[Data supplied Boundary: Start]
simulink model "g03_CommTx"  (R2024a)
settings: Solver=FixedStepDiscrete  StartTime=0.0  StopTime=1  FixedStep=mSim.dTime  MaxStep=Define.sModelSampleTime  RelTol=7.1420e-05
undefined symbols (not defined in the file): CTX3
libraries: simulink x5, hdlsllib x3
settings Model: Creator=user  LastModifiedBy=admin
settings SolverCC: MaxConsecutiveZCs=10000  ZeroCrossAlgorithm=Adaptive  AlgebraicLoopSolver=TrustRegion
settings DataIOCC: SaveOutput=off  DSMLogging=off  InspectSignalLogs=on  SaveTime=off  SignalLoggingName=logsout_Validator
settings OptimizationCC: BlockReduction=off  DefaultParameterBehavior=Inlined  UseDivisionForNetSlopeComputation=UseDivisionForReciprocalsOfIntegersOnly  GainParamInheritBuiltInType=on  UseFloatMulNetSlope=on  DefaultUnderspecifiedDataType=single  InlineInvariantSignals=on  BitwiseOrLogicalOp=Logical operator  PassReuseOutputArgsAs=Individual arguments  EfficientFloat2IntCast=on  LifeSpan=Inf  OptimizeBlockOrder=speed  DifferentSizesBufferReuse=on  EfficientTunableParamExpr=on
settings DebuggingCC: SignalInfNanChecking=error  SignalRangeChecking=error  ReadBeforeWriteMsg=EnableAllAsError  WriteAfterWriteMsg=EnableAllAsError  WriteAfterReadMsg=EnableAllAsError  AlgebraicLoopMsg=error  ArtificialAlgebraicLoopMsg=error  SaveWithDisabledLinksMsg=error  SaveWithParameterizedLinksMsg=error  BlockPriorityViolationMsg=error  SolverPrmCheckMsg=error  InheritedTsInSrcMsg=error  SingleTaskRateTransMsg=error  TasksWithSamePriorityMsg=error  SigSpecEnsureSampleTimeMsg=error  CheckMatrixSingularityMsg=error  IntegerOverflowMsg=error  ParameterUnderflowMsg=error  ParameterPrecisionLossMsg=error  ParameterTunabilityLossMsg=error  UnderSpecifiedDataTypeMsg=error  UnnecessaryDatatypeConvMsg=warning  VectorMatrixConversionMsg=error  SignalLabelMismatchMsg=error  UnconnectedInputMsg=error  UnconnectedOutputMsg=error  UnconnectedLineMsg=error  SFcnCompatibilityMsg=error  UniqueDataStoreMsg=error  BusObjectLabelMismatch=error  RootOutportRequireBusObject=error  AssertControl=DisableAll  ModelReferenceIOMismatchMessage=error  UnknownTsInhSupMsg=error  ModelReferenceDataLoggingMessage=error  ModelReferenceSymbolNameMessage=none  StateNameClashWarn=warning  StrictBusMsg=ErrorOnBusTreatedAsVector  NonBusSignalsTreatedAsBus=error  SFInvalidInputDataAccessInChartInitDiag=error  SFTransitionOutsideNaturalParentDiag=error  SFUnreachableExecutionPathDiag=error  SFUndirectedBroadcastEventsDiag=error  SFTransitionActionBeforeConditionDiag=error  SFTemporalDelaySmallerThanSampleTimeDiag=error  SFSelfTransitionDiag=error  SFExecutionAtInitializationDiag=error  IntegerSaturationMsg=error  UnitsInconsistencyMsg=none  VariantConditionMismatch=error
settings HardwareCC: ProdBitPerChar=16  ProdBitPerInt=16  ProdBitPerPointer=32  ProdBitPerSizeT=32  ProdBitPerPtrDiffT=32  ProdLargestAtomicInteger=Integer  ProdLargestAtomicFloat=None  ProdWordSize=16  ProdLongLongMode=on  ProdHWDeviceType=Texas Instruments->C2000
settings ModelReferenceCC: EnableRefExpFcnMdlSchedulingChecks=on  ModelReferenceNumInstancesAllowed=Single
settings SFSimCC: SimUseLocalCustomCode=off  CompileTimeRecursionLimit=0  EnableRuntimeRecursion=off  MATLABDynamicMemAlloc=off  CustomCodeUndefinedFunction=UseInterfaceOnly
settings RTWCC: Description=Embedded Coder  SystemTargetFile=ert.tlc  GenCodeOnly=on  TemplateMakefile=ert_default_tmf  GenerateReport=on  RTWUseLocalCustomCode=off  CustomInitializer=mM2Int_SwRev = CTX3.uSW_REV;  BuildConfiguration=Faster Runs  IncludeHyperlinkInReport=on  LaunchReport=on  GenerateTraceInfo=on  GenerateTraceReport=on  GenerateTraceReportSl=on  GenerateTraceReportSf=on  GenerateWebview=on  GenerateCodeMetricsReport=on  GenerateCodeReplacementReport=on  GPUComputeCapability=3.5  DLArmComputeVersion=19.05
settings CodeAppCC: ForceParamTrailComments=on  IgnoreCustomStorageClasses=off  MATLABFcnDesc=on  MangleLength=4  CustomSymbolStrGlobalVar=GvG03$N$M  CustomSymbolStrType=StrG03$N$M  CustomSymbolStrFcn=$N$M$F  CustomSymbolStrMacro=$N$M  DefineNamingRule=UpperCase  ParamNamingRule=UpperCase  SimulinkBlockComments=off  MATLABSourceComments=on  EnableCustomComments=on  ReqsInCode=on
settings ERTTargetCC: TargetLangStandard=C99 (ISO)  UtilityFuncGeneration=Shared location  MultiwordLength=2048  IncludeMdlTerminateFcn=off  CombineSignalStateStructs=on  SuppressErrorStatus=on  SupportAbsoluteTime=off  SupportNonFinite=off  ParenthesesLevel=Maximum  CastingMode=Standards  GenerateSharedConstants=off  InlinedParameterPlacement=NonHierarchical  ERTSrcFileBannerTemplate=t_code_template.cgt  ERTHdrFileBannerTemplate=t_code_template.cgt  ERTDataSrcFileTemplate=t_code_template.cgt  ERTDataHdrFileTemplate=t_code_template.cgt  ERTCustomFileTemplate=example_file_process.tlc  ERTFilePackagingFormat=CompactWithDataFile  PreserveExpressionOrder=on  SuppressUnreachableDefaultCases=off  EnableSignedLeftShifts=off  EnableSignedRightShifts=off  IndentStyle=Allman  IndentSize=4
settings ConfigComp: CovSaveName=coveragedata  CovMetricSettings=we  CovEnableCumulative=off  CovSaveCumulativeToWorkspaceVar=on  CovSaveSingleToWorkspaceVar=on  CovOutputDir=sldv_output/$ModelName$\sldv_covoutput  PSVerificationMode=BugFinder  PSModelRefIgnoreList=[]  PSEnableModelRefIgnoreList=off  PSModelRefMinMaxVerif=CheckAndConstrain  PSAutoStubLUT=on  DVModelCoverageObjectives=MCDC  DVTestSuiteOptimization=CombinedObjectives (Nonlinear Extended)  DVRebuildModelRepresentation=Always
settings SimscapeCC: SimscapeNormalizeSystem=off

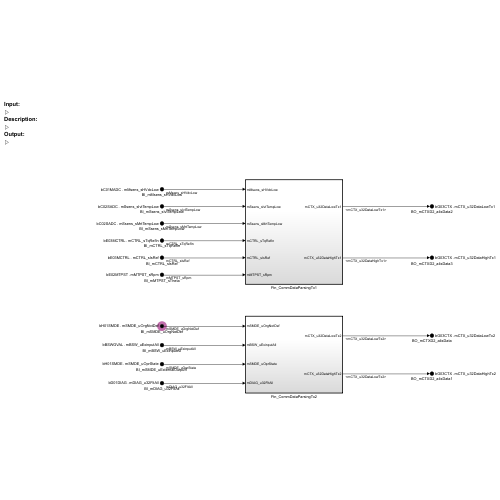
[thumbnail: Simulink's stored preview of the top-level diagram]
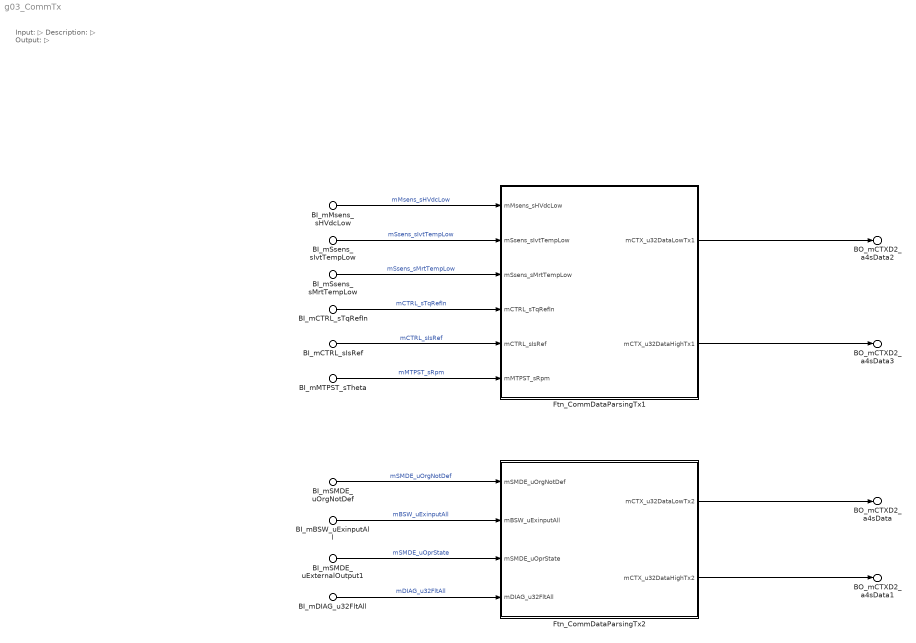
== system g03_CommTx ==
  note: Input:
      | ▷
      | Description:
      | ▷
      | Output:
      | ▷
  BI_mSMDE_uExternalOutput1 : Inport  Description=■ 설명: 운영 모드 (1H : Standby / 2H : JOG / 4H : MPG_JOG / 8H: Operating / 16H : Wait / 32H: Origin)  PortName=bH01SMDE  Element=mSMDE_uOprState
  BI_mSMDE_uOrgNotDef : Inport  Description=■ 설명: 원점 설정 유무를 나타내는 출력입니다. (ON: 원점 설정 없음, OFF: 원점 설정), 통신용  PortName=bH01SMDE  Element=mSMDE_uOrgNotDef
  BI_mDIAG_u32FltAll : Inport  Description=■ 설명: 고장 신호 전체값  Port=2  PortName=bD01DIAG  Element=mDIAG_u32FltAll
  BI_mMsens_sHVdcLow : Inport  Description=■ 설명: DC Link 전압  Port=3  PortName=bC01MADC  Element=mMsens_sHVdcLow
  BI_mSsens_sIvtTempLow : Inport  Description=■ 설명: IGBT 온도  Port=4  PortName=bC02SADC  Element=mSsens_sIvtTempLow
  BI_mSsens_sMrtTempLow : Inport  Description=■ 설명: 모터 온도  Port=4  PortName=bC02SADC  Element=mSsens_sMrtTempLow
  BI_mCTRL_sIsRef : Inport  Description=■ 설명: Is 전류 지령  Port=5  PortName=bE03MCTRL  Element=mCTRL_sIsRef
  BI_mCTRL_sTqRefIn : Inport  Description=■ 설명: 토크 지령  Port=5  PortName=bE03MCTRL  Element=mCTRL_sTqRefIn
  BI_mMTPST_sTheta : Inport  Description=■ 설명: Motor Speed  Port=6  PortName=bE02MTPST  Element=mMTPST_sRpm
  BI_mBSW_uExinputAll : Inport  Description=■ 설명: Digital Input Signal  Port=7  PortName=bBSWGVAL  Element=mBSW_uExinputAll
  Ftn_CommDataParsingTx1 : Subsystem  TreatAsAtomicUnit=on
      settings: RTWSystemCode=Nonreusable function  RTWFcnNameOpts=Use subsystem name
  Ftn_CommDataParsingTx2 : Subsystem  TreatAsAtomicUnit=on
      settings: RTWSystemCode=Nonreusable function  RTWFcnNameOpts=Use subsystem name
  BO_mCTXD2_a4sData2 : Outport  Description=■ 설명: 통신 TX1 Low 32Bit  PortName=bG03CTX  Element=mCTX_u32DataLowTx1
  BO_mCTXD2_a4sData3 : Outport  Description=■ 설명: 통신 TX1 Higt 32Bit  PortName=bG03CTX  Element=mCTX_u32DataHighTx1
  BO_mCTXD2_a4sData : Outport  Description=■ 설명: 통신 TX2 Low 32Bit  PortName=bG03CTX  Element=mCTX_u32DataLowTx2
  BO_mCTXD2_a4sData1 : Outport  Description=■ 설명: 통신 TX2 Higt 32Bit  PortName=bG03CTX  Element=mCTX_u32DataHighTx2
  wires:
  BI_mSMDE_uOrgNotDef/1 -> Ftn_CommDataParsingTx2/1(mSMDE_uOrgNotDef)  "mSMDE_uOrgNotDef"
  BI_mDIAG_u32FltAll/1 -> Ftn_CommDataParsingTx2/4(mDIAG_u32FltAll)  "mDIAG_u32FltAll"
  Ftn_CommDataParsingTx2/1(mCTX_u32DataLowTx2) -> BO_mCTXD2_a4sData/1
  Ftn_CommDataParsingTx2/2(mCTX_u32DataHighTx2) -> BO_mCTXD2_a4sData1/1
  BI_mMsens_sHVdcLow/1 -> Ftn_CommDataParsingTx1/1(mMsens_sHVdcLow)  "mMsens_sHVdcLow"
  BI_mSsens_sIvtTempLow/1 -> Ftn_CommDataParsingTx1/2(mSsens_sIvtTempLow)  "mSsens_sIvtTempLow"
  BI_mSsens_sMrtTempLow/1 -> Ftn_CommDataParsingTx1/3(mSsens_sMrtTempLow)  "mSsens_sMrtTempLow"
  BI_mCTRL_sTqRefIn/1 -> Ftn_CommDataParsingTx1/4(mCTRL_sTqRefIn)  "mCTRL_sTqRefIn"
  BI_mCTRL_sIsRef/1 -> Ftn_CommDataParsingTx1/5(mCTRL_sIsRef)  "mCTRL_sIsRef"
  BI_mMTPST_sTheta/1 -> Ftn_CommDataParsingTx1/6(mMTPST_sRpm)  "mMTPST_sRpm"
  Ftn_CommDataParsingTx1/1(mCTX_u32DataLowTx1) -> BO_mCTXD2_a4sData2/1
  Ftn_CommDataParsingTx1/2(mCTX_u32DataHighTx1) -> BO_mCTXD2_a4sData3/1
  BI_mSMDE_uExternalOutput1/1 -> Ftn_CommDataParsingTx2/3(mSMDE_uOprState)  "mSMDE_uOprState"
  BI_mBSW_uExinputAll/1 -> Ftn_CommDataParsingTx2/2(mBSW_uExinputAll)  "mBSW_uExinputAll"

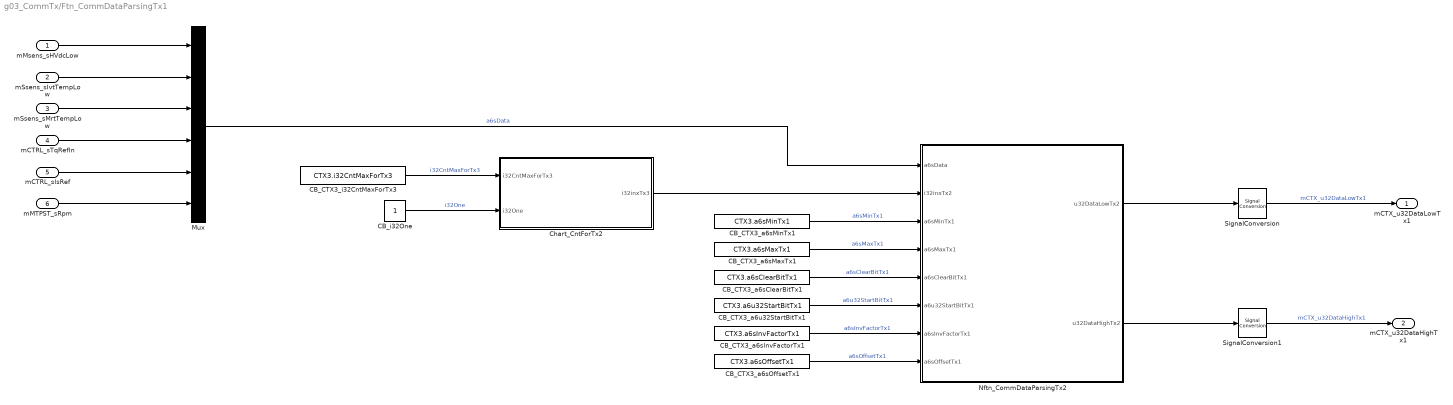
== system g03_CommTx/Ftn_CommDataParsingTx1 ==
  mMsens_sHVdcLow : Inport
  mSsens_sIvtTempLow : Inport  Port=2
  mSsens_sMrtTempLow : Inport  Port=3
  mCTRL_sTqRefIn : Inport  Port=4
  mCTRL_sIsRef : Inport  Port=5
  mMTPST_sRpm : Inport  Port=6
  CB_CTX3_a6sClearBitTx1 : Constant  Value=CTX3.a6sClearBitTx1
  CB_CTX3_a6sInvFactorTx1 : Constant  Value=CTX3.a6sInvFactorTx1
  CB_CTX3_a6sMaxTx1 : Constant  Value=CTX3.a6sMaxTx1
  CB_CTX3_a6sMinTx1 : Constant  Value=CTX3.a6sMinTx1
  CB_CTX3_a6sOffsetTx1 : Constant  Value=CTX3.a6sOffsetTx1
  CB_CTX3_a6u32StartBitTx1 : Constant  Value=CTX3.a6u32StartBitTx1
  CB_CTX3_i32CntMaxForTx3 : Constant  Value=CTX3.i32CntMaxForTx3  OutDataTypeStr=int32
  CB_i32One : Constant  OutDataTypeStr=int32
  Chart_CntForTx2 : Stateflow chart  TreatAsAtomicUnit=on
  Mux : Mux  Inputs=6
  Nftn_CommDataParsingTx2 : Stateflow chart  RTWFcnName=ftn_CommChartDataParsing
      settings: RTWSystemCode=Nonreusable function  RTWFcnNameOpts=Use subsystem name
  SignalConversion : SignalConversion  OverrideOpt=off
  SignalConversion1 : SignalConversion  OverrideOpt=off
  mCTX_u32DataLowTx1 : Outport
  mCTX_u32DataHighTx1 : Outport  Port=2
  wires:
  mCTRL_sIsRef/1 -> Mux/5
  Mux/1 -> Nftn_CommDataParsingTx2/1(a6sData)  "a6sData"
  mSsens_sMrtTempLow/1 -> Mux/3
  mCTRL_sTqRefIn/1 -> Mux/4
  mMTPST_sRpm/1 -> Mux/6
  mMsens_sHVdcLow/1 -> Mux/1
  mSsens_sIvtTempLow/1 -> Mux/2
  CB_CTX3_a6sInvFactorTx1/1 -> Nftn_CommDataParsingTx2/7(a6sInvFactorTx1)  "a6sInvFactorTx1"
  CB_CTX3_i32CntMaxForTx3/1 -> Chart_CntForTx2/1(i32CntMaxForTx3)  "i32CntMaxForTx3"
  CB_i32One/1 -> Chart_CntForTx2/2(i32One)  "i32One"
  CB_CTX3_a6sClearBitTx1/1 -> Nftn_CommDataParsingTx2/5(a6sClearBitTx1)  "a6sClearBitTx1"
[Data supplied Boundary: End]
## Activity:
Lines in the records that hold the word "TreatAsAtomicUnit" are to be counted; give only the total.

## Solution to this exercise:
3